# Aw yiss I love these legs...



## 0ozma (Sep 22, 2012)

Nomnomnom

You can tell the rest of his back end is already wet from cleaning - hah.


----------



## Heather72754 (Nov 1, 2013)

Haha, so cute. He's so beautiful! :luv


----------



## 0ozma (Sep 22, 2012)

ty ^_^


----------



## Marcia (Dec 26, 2010)

I just love a well groomed man! Very handsome white beard, too!


----------



## TinyPaws (Jun 23, 2013)

Ooh very tasty. Sometimes a tasty foot is very nice too. Nom nom.


and what a beautiful bengal boy you have there!!


----------



## Tiliqua (Jan 22, 2013)

I LOVE bengals. You can't post too many photos!


----------



## 0ozma (Sep 22, 2012)

Thanks  I feel like I do sometimes


----------



## Tiliqua (Jan 22, 2013)

0ozma said:


> Thanks  I feel like I do sometimes


Haha - if you don't want to post them, I'll give you my email address!


----------



## 10cats2dogs (Jun 16, 2013)

Oh Man, He is one Awesome Boy! Stunning!


----------



## wallycat (Nov 10, 2012)

Such cute kitties!!


----------



## 10cats2dogs (Jun 16, 2013)

7cats2dogs said:


> Oh Man, He is one Awesome Boy! Stunning!
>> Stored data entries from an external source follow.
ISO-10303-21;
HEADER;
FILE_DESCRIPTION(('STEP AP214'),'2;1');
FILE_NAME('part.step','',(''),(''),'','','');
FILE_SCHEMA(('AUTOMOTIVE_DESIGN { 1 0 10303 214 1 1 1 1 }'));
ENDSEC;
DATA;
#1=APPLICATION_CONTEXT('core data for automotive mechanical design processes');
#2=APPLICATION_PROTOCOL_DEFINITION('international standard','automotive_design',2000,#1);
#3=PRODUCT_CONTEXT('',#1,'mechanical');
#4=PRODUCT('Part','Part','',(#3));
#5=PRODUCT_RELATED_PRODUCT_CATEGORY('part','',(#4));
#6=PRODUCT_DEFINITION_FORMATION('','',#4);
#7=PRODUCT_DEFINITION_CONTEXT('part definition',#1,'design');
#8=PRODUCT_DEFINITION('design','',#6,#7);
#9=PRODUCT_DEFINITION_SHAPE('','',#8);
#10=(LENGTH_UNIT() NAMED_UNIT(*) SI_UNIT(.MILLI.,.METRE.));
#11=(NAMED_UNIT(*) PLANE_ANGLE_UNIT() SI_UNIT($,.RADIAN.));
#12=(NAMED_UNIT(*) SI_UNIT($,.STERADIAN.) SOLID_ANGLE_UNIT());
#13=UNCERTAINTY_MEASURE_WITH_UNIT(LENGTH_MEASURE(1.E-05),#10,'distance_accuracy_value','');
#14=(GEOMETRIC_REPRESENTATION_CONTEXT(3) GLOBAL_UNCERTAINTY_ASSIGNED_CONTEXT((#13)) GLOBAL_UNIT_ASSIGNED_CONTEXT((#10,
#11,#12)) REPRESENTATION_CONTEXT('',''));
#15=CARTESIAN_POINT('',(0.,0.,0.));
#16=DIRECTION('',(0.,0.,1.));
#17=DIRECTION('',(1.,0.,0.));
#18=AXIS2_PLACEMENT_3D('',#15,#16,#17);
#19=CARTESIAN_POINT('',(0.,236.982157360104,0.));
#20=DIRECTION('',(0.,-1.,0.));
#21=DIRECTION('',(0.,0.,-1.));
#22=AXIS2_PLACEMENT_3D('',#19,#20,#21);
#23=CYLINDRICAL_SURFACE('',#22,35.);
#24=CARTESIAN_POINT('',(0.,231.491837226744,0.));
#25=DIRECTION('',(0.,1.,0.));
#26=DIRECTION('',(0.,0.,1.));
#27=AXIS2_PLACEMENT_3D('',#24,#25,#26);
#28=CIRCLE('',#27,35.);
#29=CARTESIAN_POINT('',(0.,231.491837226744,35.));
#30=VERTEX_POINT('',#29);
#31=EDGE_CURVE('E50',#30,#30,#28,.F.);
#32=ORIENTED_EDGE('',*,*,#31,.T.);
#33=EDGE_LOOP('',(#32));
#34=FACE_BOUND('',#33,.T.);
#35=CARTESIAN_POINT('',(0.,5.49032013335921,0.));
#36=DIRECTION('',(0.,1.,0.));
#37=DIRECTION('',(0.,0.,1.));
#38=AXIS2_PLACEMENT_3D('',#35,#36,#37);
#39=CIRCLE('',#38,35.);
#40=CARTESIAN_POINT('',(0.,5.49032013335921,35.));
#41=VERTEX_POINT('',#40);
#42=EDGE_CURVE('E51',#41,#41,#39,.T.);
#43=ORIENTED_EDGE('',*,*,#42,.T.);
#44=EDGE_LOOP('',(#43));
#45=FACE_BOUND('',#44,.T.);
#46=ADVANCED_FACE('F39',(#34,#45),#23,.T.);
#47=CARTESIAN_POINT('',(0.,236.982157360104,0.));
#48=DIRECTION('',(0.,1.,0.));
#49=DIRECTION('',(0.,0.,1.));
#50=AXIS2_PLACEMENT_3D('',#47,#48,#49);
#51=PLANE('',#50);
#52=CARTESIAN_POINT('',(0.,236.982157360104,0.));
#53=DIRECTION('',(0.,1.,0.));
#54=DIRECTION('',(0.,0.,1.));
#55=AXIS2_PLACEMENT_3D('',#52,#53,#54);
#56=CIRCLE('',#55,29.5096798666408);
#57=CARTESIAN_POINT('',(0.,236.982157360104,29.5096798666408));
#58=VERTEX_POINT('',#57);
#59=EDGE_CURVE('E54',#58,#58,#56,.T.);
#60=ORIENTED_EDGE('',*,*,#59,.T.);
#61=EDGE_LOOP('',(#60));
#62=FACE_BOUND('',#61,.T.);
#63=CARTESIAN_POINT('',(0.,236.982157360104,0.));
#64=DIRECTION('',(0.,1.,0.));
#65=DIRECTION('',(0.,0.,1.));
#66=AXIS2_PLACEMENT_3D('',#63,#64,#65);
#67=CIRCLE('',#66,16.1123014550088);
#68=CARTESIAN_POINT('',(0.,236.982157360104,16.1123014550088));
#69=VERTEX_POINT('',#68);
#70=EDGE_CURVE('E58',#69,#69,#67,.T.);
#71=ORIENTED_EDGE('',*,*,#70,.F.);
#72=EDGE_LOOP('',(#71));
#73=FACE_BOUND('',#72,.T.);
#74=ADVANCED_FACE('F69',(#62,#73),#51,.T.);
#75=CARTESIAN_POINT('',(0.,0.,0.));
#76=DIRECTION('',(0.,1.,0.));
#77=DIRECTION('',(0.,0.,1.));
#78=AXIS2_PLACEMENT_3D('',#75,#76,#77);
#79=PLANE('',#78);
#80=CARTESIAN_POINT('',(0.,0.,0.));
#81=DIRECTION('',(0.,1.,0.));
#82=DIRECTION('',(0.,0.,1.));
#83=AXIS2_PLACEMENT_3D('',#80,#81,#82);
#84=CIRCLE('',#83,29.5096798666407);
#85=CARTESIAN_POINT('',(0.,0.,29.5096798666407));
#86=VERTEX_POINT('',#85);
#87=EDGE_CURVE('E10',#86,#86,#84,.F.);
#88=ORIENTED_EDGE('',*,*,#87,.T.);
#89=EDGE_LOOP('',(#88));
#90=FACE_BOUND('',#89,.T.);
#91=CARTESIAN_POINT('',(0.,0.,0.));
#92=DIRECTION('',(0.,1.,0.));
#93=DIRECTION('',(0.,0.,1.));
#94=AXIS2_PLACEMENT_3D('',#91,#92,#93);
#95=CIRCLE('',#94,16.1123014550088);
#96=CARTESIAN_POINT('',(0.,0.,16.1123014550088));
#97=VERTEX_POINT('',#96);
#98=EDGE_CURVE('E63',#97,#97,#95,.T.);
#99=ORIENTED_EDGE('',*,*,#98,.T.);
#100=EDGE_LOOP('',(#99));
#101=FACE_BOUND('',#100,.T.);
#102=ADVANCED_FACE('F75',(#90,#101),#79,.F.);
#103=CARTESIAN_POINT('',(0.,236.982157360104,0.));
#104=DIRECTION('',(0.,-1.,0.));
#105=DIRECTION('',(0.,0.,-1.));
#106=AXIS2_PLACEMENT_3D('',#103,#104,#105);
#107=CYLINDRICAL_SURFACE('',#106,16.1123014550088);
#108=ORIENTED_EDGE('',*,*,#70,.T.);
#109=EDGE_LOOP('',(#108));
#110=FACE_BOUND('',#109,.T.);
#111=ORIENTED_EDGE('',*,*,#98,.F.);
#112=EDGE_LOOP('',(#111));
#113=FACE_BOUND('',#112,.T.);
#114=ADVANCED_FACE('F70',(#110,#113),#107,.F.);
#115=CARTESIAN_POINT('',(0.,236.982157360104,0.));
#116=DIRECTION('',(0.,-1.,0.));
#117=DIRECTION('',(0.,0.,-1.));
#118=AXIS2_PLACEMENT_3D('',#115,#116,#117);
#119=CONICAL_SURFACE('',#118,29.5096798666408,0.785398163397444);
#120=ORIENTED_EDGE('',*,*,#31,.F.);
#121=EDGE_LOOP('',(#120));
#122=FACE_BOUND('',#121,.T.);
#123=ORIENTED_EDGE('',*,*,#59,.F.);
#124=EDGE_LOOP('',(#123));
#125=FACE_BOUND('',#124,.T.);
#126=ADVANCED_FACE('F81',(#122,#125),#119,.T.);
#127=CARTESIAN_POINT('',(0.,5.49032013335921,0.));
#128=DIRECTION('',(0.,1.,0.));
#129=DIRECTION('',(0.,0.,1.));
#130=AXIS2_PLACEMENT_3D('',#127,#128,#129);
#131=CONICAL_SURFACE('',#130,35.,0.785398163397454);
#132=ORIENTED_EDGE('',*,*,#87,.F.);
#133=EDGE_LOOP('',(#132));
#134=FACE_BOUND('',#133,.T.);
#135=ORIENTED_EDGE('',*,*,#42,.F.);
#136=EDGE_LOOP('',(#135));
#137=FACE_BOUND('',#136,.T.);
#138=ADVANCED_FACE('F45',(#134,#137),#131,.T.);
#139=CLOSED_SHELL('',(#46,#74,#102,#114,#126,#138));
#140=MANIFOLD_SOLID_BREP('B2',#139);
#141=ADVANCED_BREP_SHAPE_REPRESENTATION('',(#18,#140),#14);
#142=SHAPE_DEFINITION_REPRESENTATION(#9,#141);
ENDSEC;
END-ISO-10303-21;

Oozma...I was referring to your Boy...!!!


----------



## 0ozma (Sep 22, 2012)

Dang here I was thinking you were making the first move!


----------



## 10cats2dogs (Jun 16, 2013)

0ozma said:


> Dang here I was thinking you were making the first move!


ROFL!! My ummm, "other half" might have something to say about that!!!


----------



## 0ozma (Sep 22, 2012)

Aw, maybe next time :thumb


----------



## NebraskaCat (Jan 15, 2013)

If 0ozma posts a selfie in the same position as Hachi in the pic, Sharon, I believe you can consider the move made.


----------



## 10cats2dogs (Jun 16, 2013)

NebraskaCat said:


> If 0ozma posts a selfie in the same position as Hachi in the pic, Sharon, I believe you can consider the move made.


Nebraska Cat! Oh My!! You Guys know how to make a Gal Blush!! .


----------



## 0ozma (Sep 22, 2012)

NebraskaCat said:


> If 0ozma posts a selfie in the same position as Hachi in the pic, Sharon, I believe you can consider the move made.


Haha I don't know how attractive that would be... might need a partner!


----------



## clowderofcats (Dec 2, 2013)

Perfect picture! You are an excellent photographer, but we all know the real talent is in your model!


----------



## 0ozma (Sep 22, 2012)

Hey I have pics in the member picture thread! That's the most ill do!


----------



## 0ozma (Sep 22, 2012)

Now this is a pose I could do! I am SO disappointed I caught this with a phone camera and not a good camera. Can barely see his teeth


----------



## 10cats2dogs (Jun 16, 2013)

Looks like he is practicing a yoga position called 'The Lion Pose'!!


----------